:: MATERIAL SHOWN ::

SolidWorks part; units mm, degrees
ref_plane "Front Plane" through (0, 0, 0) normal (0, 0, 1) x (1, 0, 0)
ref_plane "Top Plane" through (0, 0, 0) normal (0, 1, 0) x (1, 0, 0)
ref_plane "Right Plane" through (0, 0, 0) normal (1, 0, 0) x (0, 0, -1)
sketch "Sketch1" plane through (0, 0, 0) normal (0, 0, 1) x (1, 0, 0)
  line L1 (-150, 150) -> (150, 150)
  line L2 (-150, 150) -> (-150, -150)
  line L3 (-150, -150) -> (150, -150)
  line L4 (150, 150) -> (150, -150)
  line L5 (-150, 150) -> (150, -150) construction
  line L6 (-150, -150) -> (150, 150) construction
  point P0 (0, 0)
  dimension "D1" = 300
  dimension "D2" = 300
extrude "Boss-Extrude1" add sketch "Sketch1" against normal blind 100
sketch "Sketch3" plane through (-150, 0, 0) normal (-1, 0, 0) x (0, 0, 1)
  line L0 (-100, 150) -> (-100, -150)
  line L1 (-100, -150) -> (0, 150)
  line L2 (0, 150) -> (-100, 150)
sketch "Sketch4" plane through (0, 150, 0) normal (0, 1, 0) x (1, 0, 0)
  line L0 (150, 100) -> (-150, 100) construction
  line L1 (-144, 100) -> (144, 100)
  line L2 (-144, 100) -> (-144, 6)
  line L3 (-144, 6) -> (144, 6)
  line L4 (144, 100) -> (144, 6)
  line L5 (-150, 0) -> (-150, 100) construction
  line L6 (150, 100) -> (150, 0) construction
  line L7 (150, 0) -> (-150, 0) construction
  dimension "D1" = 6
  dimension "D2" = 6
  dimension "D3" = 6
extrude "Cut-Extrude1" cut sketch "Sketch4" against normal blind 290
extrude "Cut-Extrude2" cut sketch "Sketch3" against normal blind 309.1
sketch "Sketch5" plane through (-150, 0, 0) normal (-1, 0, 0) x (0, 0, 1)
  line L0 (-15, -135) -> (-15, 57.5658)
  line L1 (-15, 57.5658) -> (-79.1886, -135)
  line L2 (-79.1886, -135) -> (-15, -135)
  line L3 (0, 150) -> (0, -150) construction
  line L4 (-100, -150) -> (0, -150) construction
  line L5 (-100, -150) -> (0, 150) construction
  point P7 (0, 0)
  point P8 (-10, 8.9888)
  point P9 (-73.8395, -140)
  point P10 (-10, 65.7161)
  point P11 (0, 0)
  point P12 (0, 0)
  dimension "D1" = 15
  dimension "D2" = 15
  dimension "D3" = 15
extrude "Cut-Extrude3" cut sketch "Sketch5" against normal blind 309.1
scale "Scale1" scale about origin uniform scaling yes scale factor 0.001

:::

- **YOUR GOAL**: Retype all of the records so that every line matches the original exactly.

- **OUTPUT FOR THIS EXERCISE**:
SolidWorks part; units mm, degrees
ref_plane "Front Plane" through (0, 0, 0) normal (0, 0, 1) x (1, 0, 0)
ref_plane "Top Plane" through (0, 0, 0) normal (0, 1, 0) x (1, 0, 0)
ref_plane "Right Plane" through (0, 0, 0) normal (1, 0, 0) x (0, 0, -1)
sketch "Sketch1" plane through (0, 0, 0) normal (0, 0, 1) x (1, 0, 0)
  line L1 (-150, 150) -> (150, 150)
  line L2 (-150, 150) -> (-150, -150)
  line L3 (-150, -150) -> (150, -150)
  line L4 (150, 150) -> (150, -150)
  line L5 (-150, 150) -> (150, -150) construction
  line L6 (-150, -150) -> (150, 150) construction
  point P0 (0, 0)
  dimension "D1" = 300
  dimension "D2" = 300
extrude "Boss-Extrude1" add sketch "Sketch1" against normal blind 100
sketch "Sketch3" plane through (-150, 0, 0) normal (-1, 0, 0) x (0, 0, 1)
  line L0 (-100, 150) -> (-100, -150)
  line L1 (-100, -150) -> (0, 150)
  line L2 (0, 150) -> (-100, 150)
sketch "Sketch4" plane through (0, 150, 0) normal (0, 1, 0) x (1, 0, 0)
  line L0 (150, 100) -> (-150, 100) construction
  line L1 (-144, 100) -> (144, 100)
  line L2 (-144, 100) -> (-144, 6)
  line L3 (-144, 6) -> (144, 6)
  line L4 (144, 100) -> (144, 6)
  line L5 (-150, 0) -> (-150, 100) construction
  line L6 (150, 100) -> (150, 0) construction
  line L7 (150, 0) -> (-150, 0) construction
  dimension "D1" = 6
  dimension "D2" = 6
  dimension "D3" = 6
extrude "Cut-Extrude1" cut sketch "Sketch4" against normal blind 290
extrude "Cut-Extrude2" cut sketch "Sketch3" against normal blind 309.1
sketch "Sketch5" plane through (-150, 0, 0) normal (-1, 0, 0) x (0, 0, 1)
  line L0 (-15, -135) -> (-15, 57.5658)
  line L1 (-15, 57.5658) -> (-79.1886, -135)
  line L2 (-79.1886, -135) -> (-15, -135)
  line L3 (0, 150) -> (0, -150) construction
  line L4 (-100, -150) -> (0, -150) construction
  line L5 (-100, -150) -> (0, 150) construction
  point P7 (0, 0)
  point P8 (-10, 8.9888)
  point P9 (-73.8395, -140)
  point P10 (-10, 65.7161)
  point P11 (0, 0)
  point P12 (0, 0)
  dimension "D1" = 15
  dimension "D2" = 15
  dimension "D3" = 15
extrude "Cut-Extrude3" cut sketch "Sketch5" against normal blind 309.1
scale "Scale1" scale about origin uniform scaling yes scale factor 0.001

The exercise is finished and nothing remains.